Alignment parameter impact on co-expression. (A) Distribution of co-expression scores for the different alignment parameters. (B) Differences in SDs when comparing across parameters or across samples, with more between sample variance than between parameter variance. (C) Scatterplot comparing the extreme parameter to default. Each point is the co-expression score of a sample. The grey is the average SD of the whole experiment and the identity line in black. (D) Scatterplots of each parameter against another, each point representing a sample, and each matrix square a comparison between parameter choices for the minimum alignment parameter.

Figure 7.

Four score and ten alignment parameters. Scatterplots comparing the co-expression score to (A) the fraction mapped (r_s = −0.12), (B) correlations (r_s = 0.001) (C) and gene detection (r_s = 0.13). Each color represents the alignment parameter tested. The gray dotted lines represent the quartiles of the scores and metrics. The co-expression scores do not correlate with the technical metrics, but are influenced by number of genes.

Figure 8.

Defining the parameter landscape of STAR. (A) Distributions of scores for the extreme parameters tested on the GEUVADIS dataset. The purple distribution shows the scores per sample of the most permissive parameter and the grey distribution the most stringent. Downsampling reads has little effect on the co-expression scores. Filtering low expressing genes by counts has the greatest impact, consistent with the SEQC replicability experiments.

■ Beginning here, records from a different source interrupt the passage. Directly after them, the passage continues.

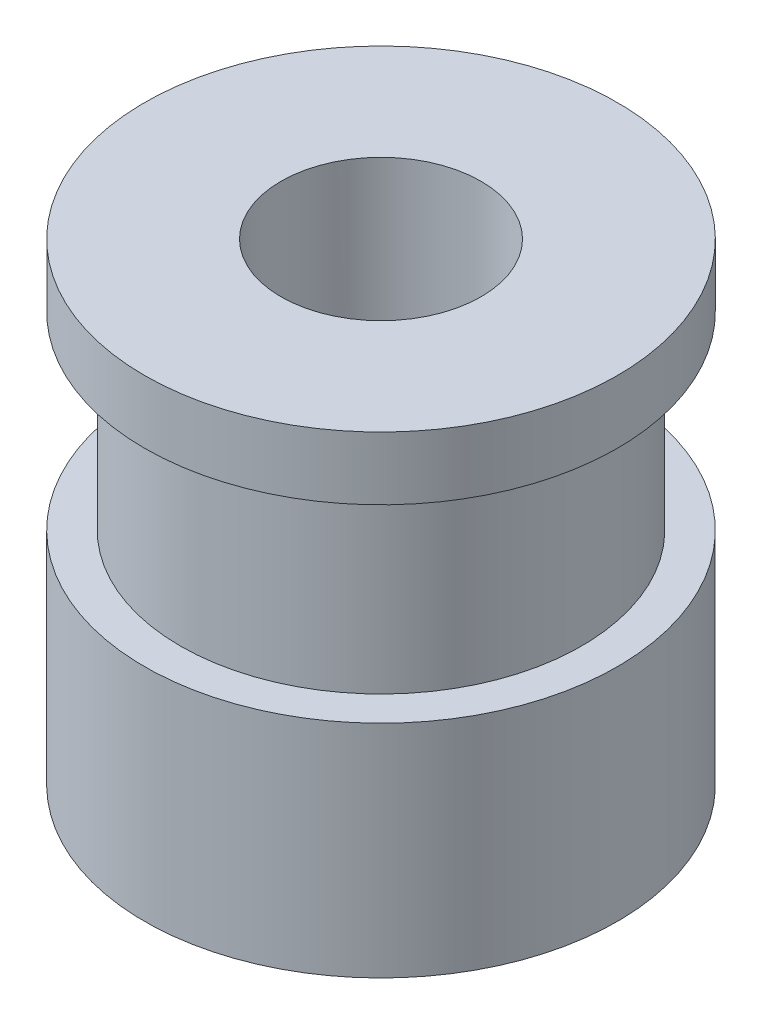
SolidWorks part; units mm, degrees
ref_plane "Front Plane" through (0, 0, 0) normal (0, 0, 1) x (1, 0, 0)
ref_plane "Top Plane" through (0, 0, 0) normal (0, 1, 0) x (1, 0, 0)
ref_plane "Right Plane" through (0, 0, 0) normal (1, 0, 0) x (0, 0, -1)
sketch "Sketch1" plane through (0, 0, 0) normal (0, 1, 0) x (1, 0, 0)
  circle A0 centre (0, 0) radius 6.366
  circle A1 centre (0, 0) radius 3.175
  dimension "D1" = 12.732
  dimension "D2" = 6.35
extrude "Boss-Extrude1" add sketch "Sketch1" along normal blind 10
sketch "Sketch2" plane through (0, 10, 0) normal (0, 1, 0) x (1, 0, 0)
  circle A0 centre (0, 0) radius 7.5
  circle A1 centre (0, 0) radius 3.175
  dimension "D1" = 15
extrude "Boss-Extrude2" add sketch "Sketch2" against normal blind 2
sketch "Sketch3" plane through (0, 0, 0) normal (0, -1, 0) x (1, 0, 0)
  circle A0 centre (0, 0) radius 7.5
  circle A1 centre (0, 0) radius 3.175
  dimension "D1" = 15
  dimension "D2" = 6.35
extrude "Boss-Extrude3" add sketch "Sketch3" against normal blind 2 and the other way blind 5

Allowing for mismatches has little impact. The minimum alignment score parameters are also placed for comparison. (B) Interpolated co-expression scores showing alignment and post-alignment filter hotspots (light blue to white). Dark areas are least replicable. These results are averaged over all 462 samples for 1000 runs, and interpolated between the dashed lines. Contours define interpolated score boundaries.